## EXERCISE AIM
Return every line from the one with "title Aggregate: User" through the one with "balance : BigDecimal", inclusive, exactly as it appears below.

* * *

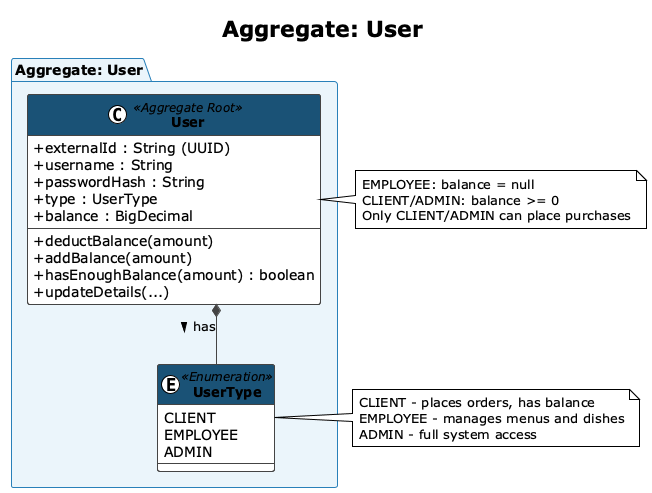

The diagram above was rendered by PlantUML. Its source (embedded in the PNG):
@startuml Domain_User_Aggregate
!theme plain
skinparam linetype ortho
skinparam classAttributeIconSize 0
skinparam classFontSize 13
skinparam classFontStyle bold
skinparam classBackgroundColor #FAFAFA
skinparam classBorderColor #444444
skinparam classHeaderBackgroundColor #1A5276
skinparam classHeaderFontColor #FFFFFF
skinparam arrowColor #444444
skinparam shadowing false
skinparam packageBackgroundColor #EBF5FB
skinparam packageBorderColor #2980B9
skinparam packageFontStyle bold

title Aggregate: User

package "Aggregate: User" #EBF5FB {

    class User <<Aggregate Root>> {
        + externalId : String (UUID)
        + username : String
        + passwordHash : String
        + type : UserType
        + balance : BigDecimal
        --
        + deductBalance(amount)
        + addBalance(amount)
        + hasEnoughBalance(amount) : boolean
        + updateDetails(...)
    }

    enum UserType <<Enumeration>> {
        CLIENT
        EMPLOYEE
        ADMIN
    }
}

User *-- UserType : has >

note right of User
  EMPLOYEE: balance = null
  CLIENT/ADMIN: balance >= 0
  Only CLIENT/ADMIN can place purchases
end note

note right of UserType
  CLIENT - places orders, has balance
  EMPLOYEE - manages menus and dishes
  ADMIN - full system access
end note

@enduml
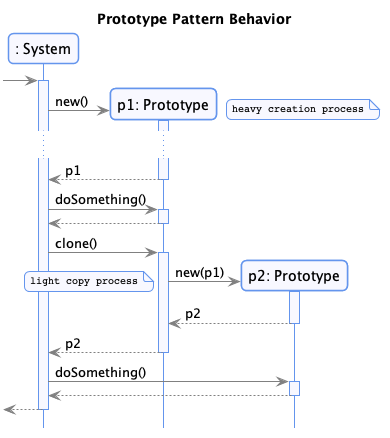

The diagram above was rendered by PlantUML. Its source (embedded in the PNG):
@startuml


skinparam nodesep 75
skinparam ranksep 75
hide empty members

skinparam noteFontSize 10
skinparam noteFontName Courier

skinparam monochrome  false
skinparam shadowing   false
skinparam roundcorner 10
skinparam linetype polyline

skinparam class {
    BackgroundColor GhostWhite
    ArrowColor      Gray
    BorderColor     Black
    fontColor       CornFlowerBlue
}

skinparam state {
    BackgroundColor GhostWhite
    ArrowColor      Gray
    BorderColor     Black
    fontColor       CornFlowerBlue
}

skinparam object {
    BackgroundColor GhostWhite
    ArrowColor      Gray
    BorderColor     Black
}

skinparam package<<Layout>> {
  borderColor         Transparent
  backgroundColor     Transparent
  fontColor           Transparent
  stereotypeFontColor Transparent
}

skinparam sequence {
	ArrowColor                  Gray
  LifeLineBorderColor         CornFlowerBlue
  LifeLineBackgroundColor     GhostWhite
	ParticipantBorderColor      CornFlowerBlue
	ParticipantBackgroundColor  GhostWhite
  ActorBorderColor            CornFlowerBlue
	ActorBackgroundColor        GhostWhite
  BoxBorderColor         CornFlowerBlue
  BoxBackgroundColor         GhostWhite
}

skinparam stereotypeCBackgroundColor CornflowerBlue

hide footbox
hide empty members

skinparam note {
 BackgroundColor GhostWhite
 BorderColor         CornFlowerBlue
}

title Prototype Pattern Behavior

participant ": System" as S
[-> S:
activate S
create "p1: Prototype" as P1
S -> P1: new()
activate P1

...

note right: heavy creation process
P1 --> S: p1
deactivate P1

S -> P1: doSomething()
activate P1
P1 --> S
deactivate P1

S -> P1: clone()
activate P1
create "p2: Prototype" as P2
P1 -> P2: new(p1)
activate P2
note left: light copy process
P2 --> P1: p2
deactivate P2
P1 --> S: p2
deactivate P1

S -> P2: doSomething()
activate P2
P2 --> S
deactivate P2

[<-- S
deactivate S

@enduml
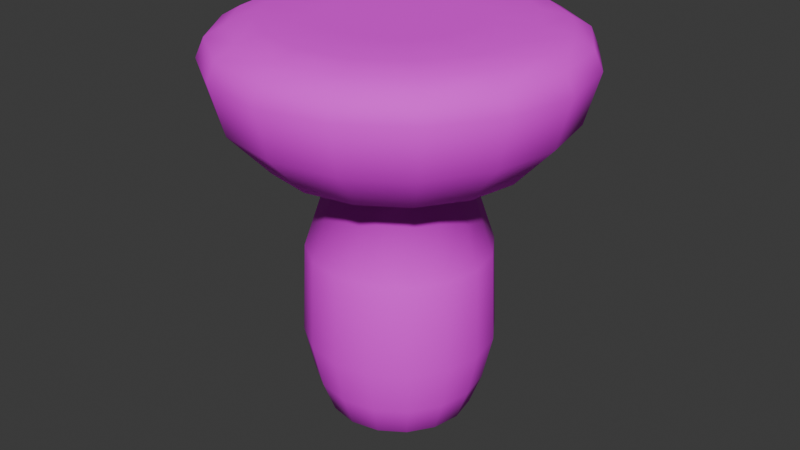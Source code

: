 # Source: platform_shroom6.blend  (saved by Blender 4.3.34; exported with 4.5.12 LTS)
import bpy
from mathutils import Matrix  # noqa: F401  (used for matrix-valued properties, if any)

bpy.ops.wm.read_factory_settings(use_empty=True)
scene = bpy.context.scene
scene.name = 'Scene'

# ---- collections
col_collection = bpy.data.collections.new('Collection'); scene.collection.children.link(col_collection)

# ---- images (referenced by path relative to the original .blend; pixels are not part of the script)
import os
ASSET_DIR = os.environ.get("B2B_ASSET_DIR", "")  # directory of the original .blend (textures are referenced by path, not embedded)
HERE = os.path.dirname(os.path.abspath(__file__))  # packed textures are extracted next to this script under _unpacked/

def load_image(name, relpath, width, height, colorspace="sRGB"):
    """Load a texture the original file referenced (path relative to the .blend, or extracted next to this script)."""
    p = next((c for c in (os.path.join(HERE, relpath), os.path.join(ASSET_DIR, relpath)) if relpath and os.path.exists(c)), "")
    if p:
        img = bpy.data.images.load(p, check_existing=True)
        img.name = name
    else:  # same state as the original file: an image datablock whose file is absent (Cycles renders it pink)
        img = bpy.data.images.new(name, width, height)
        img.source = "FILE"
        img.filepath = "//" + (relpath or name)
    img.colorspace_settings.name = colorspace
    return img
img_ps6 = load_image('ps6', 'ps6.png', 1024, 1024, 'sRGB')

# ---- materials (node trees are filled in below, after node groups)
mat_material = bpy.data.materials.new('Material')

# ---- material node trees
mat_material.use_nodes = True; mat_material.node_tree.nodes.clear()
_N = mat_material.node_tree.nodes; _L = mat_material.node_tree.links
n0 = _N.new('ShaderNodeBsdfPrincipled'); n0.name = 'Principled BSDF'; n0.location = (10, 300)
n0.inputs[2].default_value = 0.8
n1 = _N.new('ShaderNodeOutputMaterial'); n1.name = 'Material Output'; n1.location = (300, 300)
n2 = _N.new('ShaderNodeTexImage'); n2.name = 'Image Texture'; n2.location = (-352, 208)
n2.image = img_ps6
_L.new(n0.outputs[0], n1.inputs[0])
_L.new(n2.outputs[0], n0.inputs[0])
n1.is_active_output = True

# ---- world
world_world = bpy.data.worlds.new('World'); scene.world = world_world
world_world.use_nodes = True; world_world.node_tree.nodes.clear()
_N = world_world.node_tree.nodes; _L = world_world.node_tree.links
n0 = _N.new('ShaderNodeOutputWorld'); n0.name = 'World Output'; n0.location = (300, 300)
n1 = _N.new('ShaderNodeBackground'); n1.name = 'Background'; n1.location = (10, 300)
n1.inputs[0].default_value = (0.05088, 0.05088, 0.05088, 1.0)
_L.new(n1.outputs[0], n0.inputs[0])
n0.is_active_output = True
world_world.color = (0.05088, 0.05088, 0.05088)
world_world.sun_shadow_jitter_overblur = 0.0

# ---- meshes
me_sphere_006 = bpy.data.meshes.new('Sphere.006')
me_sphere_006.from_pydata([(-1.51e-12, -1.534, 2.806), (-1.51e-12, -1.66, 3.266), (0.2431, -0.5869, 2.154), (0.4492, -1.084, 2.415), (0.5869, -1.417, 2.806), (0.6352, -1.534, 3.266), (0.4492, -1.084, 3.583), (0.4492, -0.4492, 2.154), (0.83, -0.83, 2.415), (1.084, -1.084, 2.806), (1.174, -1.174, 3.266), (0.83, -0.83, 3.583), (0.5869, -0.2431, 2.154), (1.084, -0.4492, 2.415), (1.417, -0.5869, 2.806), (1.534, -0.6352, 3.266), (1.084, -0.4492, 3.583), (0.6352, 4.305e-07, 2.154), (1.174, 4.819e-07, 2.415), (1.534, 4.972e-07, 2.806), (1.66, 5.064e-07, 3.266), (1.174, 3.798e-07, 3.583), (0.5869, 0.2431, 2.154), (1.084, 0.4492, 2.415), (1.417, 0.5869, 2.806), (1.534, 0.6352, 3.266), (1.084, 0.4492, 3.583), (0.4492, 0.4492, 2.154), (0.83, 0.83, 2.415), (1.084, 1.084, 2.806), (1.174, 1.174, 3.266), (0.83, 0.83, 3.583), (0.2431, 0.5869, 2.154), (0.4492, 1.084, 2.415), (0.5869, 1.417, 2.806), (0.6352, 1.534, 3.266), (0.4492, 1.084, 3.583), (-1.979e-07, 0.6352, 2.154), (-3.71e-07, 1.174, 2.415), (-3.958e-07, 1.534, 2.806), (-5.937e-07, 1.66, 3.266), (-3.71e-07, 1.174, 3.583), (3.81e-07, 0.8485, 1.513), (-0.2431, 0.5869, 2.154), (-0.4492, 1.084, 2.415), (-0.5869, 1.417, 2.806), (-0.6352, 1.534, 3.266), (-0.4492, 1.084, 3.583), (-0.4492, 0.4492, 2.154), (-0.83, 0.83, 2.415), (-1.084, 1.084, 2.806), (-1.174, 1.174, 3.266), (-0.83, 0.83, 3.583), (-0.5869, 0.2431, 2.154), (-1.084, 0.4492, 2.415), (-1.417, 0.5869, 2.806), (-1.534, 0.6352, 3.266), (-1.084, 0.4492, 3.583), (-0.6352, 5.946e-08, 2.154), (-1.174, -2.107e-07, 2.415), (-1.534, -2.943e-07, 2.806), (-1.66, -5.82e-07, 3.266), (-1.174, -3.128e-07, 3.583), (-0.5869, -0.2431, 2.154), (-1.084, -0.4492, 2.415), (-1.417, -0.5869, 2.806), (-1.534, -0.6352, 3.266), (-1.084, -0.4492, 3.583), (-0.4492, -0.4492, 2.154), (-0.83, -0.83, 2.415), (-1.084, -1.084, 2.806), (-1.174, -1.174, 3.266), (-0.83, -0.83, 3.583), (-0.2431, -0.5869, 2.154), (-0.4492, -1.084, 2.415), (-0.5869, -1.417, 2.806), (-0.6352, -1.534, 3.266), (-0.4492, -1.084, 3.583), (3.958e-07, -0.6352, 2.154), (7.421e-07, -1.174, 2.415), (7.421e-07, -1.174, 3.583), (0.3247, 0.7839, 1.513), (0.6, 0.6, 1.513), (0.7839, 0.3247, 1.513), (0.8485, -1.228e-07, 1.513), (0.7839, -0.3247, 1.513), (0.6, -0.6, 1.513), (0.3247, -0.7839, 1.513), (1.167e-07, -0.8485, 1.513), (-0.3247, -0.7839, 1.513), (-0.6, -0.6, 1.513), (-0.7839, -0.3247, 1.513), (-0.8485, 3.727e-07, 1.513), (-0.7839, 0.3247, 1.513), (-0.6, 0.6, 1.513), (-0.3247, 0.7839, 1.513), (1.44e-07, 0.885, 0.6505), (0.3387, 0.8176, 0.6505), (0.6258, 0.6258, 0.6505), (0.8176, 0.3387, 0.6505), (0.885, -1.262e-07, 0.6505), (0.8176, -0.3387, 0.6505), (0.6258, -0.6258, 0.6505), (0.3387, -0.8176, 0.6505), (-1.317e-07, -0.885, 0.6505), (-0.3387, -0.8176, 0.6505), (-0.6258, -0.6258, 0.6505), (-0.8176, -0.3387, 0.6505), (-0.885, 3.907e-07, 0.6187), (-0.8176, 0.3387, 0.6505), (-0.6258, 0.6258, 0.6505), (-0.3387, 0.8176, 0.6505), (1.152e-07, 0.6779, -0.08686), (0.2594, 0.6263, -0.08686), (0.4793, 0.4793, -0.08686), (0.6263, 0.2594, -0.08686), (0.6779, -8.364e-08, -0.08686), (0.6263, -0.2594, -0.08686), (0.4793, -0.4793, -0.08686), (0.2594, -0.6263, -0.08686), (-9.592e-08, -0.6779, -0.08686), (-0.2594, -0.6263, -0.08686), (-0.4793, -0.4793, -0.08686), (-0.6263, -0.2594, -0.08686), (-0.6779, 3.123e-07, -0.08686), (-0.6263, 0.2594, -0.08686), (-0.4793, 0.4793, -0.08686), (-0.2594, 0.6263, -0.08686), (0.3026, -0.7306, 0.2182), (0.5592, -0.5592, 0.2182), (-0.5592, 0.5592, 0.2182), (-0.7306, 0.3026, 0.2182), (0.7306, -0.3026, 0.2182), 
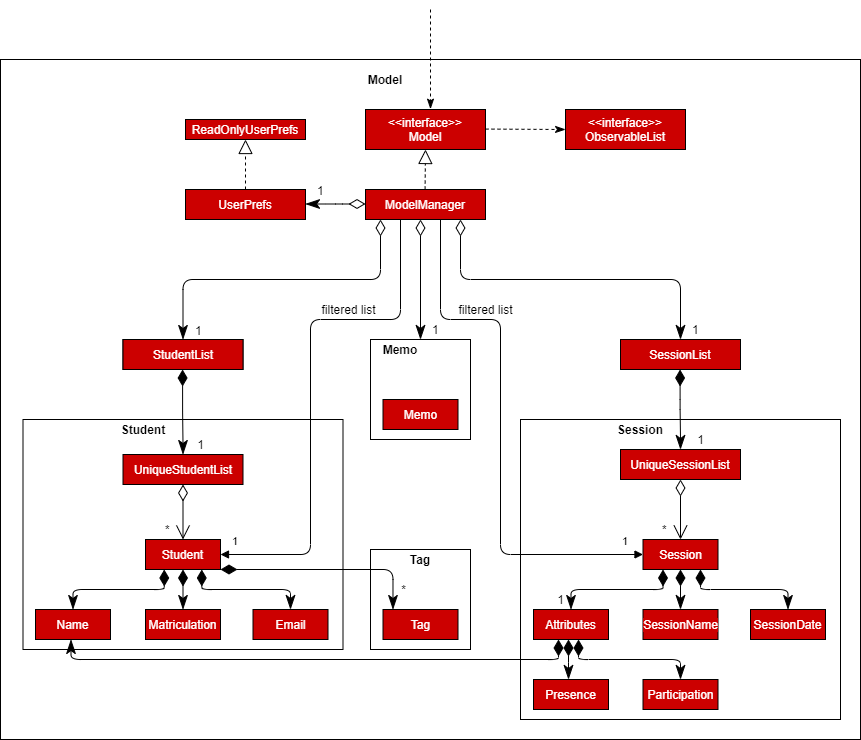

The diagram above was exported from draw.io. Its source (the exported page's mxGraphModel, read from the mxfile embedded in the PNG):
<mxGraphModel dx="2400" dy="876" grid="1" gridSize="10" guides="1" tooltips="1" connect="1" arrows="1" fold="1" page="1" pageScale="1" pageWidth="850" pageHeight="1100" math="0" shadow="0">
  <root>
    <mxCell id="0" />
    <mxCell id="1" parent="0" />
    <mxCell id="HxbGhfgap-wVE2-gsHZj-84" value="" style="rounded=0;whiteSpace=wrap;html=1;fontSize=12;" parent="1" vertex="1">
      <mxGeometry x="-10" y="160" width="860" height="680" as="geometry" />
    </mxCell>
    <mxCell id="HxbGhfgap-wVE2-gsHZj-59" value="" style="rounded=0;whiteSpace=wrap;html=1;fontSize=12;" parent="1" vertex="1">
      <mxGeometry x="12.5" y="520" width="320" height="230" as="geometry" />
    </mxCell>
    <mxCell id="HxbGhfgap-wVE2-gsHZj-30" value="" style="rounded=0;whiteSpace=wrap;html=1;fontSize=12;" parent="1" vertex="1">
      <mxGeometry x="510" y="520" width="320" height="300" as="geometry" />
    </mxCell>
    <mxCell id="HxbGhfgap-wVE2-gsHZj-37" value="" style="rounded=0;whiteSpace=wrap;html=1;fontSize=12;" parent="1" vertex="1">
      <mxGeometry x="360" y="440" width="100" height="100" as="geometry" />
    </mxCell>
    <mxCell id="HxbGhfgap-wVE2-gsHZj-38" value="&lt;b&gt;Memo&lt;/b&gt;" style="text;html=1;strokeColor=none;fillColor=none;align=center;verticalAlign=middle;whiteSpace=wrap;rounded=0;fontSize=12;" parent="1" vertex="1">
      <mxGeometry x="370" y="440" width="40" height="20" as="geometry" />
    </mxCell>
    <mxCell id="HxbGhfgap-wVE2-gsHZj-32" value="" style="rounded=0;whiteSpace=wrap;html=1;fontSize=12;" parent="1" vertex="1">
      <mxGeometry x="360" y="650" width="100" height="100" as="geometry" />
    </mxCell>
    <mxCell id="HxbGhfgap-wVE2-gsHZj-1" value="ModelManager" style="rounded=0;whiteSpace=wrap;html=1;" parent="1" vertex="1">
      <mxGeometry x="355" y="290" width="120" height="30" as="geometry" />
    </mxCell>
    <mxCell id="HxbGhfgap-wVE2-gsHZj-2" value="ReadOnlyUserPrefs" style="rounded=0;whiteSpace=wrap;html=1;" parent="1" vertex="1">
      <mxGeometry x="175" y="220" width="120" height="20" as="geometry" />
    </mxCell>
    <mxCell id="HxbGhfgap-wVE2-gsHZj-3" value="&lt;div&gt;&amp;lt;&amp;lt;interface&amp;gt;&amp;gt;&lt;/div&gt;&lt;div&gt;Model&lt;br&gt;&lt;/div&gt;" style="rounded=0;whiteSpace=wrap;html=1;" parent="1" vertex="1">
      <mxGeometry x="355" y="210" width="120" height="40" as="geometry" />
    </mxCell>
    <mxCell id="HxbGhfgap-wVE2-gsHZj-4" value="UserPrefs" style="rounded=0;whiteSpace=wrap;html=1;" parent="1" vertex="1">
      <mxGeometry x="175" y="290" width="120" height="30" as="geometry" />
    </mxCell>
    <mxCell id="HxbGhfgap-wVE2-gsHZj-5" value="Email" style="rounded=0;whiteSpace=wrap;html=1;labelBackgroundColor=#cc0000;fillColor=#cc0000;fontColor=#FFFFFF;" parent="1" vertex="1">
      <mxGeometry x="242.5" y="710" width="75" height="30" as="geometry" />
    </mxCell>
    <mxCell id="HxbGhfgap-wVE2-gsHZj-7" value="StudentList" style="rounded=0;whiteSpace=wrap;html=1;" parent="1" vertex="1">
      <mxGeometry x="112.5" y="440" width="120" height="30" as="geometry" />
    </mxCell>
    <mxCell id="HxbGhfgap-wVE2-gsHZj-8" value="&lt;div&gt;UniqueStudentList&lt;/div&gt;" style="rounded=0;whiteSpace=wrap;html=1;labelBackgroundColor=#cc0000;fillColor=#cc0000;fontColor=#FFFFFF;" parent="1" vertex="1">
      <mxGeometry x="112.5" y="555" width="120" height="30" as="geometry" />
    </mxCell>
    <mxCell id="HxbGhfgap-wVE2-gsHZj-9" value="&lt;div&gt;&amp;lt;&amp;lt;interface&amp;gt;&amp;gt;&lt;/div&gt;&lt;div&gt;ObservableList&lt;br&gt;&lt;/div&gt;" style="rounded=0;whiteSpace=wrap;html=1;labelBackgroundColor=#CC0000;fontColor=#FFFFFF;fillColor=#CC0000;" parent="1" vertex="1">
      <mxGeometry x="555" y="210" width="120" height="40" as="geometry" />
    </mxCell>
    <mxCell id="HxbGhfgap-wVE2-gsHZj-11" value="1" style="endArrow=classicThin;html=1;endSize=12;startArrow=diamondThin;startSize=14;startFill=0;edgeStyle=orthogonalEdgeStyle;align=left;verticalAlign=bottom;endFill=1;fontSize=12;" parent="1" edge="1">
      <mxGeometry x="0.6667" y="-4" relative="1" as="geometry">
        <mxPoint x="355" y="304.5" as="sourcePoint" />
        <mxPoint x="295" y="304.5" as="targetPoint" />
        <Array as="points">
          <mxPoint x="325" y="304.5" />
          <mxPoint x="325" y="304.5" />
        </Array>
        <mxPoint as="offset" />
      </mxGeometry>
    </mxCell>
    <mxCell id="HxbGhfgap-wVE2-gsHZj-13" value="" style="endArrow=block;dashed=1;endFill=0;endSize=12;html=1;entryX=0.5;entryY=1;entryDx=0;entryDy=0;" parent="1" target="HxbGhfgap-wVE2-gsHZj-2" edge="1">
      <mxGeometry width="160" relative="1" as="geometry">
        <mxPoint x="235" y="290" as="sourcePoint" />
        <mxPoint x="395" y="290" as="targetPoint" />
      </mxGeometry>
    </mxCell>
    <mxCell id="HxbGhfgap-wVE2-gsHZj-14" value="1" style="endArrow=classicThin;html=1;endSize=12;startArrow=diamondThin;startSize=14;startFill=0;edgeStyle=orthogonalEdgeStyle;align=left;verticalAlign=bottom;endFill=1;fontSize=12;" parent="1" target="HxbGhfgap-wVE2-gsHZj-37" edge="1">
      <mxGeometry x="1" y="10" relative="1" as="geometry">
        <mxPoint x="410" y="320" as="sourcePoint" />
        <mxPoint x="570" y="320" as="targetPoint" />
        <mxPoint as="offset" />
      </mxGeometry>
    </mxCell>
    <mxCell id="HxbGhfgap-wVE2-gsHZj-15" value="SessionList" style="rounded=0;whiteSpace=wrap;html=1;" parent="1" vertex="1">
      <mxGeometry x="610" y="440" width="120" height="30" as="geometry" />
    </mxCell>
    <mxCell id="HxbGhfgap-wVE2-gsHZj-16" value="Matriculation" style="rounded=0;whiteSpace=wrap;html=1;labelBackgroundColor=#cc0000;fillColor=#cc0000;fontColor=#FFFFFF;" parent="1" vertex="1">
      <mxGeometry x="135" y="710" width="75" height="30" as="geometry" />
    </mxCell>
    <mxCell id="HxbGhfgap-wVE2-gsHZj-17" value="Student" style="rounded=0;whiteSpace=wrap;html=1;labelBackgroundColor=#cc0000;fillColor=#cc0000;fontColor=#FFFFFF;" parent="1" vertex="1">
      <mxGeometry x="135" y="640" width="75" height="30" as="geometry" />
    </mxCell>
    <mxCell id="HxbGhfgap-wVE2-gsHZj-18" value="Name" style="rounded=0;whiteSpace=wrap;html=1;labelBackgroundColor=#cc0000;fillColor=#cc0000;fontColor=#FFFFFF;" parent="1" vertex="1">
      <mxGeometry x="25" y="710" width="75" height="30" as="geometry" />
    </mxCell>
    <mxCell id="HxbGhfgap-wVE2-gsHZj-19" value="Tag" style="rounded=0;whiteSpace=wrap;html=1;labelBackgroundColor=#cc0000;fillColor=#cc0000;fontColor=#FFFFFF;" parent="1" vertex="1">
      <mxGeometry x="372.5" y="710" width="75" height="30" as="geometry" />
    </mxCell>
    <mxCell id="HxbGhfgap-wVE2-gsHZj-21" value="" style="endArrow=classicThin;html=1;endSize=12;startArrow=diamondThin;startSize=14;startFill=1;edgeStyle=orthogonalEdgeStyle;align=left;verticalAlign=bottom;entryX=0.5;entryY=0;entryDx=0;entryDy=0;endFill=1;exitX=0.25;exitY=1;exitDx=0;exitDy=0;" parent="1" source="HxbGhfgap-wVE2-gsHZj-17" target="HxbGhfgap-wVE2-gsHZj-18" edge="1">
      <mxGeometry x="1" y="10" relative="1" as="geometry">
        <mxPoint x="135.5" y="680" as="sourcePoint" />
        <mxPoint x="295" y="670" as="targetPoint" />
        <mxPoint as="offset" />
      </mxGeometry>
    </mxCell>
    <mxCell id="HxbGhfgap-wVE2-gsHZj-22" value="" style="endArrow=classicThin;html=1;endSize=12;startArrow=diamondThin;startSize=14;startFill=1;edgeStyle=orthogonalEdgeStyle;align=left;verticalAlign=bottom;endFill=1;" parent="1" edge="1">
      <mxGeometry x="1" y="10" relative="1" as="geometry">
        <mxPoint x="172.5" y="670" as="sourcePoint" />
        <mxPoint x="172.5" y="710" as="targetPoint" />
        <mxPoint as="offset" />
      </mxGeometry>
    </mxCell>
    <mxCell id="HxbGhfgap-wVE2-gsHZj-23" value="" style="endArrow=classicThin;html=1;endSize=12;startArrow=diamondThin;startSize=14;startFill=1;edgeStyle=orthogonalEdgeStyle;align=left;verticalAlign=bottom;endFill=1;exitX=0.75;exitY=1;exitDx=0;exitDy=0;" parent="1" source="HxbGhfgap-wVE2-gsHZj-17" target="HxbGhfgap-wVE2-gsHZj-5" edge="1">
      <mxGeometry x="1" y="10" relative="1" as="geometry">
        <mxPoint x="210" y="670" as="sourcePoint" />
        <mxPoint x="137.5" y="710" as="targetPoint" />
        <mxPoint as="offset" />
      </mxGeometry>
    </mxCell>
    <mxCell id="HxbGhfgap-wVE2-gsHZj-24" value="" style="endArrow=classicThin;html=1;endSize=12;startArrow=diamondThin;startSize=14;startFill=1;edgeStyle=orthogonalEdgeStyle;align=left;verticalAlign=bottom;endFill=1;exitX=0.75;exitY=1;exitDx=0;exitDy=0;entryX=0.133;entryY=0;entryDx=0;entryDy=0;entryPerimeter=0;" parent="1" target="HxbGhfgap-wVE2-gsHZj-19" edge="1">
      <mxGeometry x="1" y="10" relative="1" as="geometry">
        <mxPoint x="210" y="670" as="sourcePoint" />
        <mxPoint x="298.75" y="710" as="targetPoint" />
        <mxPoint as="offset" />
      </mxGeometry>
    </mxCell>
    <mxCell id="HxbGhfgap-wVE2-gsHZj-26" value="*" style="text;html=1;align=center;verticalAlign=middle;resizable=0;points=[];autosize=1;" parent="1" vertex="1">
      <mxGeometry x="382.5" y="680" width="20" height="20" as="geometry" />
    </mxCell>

* * *

## RESULT OF THIS EXERCISE
title Aggregate: User

package "Aggregate: User" #EBF5FB {

    class User <<Aggregate Root>> {
        + externalId : String (UUID)
        + username : String
        + passwordHash : String
        + type : UserType
        + balance : BigDecimal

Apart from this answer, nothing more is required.